▶ _Assignment_: From the entries that follow, copy exactly the lines beginning at the line holding "open_loop_dynamics/2(q_2) -> [q_2], Subsystem/2(q_2)" and continuing through the line holding "open_loop_dynamics/6(dq_2) -> [dq_2], Subsystem/6(dq_2)".

--- Input ---

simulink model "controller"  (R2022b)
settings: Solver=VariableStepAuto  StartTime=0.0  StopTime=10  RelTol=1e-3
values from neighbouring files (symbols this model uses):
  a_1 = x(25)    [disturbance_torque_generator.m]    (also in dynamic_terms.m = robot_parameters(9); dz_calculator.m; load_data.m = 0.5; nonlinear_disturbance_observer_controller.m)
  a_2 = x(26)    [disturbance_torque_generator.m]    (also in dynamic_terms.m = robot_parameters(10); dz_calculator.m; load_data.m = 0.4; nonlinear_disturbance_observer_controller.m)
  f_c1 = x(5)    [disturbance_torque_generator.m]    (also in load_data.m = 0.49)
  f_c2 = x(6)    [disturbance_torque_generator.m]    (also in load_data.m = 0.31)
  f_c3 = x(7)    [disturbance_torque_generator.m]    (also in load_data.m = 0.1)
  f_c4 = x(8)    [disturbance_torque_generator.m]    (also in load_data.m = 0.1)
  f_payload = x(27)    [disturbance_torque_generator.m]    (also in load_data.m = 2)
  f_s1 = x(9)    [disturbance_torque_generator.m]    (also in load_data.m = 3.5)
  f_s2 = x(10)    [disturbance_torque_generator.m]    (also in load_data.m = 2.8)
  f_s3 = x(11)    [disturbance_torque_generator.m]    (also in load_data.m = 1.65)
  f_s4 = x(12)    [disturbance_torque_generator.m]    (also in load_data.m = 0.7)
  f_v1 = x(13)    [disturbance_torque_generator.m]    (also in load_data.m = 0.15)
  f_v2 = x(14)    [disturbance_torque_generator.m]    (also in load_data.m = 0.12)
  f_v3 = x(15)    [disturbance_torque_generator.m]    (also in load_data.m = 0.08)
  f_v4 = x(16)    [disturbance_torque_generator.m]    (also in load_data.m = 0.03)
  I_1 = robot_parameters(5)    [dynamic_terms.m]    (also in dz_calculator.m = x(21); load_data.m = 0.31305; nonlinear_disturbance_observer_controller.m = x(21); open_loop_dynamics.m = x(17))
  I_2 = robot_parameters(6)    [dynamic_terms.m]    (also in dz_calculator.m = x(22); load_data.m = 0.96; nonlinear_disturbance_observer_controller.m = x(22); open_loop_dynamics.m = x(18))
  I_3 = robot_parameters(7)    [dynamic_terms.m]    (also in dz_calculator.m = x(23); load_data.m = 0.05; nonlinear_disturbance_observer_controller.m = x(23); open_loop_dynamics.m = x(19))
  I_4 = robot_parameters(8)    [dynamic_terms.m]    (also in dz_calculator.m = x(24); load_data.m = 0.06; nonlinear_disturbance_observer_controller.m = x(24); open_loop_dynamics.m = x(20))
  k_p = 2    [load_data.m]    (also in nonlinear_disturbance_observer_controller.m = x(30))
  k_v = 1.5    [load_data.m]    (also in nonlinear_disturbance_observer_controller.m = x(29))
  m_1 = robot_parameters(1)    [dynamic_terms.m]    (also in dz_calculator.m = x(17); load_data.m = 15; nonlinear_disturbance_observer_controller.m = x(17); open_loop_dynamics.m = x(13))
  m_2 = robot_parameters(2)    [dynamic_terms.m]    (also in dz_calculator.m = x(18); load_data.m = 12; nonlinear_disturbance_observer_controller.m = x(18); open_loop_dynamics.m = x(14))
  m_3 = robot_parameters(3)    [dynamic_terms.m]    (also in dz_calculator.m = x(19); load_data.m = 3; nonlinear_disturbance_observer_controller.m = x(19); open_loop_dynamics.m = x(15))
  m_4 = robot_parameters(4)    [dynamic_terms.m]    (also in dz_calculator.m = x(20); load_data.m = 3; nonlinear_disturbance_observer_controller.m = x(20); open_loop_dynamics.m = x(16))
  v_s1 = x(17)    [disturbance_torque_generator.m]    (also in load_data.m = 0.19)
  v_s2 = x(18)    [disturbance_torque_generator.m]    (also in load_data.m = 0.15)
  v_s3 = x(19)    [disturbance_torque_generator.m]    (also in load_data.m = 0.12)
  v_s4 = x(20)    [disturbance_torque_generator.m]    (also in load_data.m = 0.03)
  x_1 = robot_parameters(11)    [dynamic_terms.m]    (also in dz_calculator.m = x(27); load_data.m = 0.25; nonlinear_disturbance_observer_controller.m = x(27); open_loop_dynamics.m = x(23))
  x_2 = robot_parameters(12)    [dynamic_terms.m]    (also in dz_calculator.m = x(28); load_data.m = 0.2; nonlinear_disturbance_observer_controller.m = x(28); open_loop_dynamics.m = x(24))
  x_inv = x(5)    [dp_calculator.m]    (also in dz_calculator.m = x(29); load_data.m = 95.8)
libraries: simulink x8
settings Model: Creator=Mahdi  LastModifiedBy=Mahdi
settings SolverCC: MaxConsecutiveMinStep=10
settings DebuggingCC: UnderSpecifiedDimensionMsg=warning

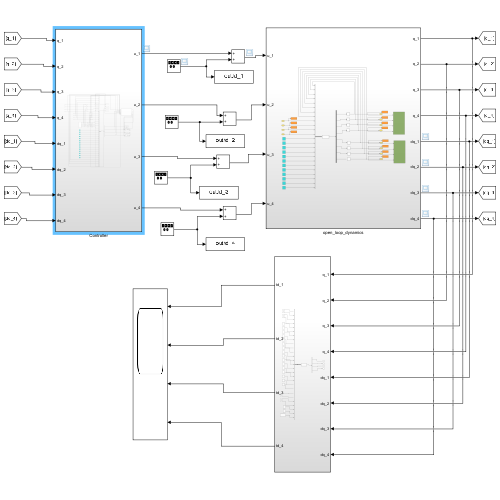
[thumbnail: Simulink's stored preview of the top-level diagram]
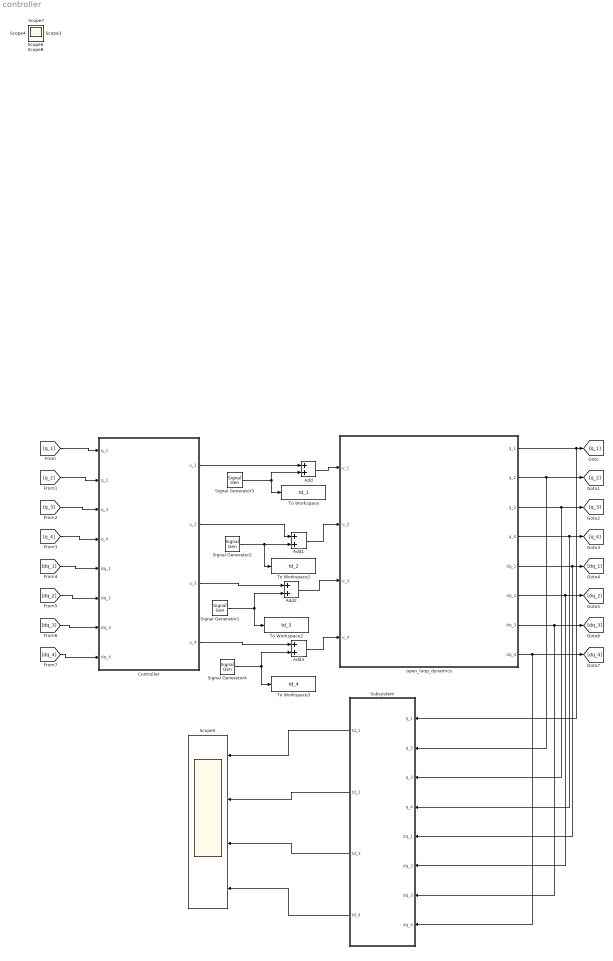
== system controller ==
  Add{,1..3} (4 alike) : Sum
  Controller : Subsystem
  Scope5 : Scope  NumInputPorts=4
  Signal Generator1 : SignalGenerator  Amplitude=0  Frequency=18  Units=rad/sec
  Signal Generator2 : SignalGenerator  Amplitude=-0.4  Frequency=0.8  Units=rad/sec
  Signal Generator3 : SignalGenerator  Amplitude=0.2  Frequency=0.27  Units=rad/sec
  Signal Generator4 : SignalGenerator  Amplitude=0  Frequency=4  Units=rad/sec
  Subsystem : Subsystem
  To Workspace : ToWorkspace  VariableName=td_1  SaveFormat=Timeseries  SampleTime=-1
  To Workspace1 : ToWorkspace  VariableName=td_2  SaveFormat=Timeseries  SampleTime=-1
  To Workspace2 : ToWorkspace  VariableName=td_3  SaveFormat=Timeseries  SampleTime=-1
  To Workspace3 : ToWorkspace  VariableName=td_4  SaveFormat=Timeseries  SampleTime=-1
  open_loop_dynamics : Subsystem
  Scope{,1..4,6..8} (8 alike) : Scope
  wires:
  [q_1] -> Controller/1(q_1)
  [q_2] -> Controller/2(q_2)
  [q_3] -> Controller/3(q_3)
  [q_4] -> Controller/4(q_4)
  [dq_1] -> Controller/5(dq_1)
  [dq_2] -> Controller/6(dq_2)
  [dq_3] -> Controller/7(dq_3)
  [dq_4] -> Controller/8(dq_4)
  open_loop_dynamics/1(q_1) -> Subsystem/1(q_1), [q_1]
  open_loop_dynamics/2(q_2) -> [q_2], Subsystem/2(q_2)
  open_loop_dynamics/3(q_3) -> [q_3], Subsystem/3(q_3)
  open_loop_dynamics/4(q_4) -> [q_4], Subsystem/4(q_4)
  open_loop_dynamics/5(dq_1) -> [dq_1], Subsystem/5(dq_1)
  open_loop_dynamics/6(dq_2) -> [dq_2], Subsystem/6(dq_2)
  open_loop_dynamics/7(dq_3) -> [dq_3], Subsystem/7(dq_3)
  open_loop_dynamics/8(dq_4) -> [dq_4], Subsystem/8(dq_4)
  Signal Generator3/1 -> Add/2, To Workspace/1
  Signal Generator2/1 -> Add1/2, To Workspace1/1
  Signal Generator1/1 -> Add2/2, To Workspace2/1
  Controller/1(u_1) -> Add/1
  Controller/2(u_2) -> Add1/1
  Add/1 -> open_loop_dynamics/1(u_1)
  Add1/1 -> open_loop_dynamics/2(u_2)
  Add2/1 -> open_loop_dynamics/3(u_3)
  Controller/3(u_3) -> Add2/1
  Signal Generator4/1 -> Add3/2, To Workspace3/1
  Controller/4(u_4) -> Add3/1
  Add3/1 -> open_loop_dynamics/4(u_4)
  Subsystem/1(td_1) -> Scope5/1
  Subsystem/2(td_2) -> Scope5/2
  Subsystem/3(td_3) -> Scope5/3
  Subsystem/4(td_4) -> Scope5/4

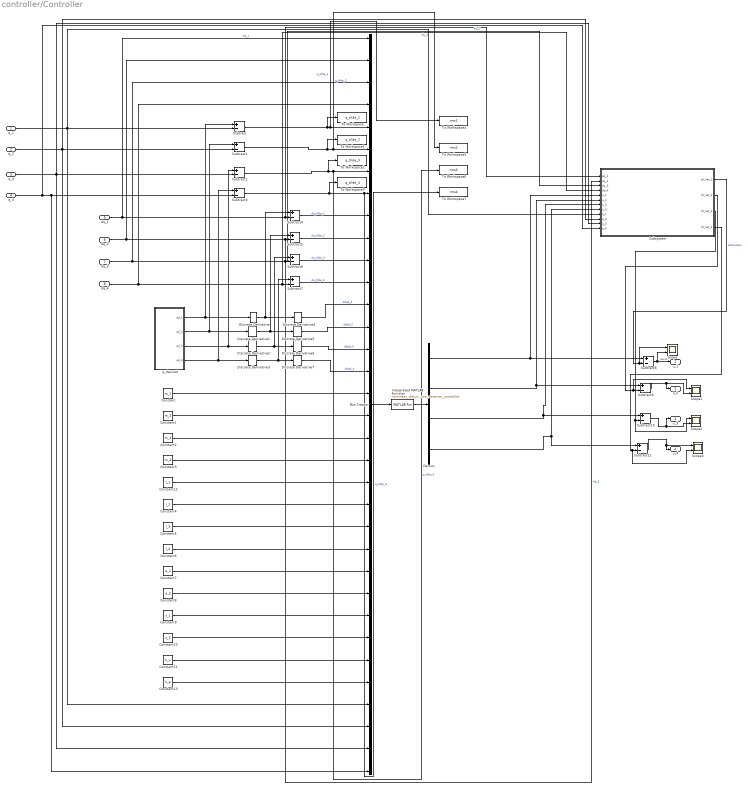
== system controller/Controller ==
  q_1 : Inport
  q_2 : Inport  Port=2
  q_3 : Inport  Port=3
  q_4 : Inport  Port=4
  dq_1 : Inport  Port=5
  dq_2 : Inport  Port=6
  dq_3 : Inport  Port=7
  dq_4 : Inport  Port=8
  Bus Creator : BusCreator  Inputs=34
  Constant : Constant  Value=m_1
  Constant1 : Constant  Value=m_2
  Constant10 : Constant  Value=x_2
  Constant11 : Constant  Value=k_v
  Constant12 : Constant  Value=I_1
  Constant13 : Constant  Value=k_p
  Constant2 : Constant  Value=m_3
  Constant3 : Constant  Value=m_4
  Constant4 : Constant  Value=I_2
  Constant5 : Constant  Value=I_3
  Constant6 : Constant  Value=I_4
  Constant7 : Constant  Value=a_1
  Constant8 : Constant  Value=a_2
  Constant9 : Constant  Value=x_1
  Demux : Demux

---

▶ _Response_:
  open_loop_dynamics/2(q_2) -> [q_2], Subsystem/2(q_2)
  open_loop_dynamics/3(q_3) -> [q_3], Subsystem/3(q_3)
  open_loop_dynamics/4(q_4) -> [q_4], Subsystem/4(q_4)
  open_loop_dynamics/5(dq_1) -> [dq_1], Subsystem/5(dq_1)
  open_loop_dynamics/6(dq_2) -> [dq_2], Subsystem/6(dq_2)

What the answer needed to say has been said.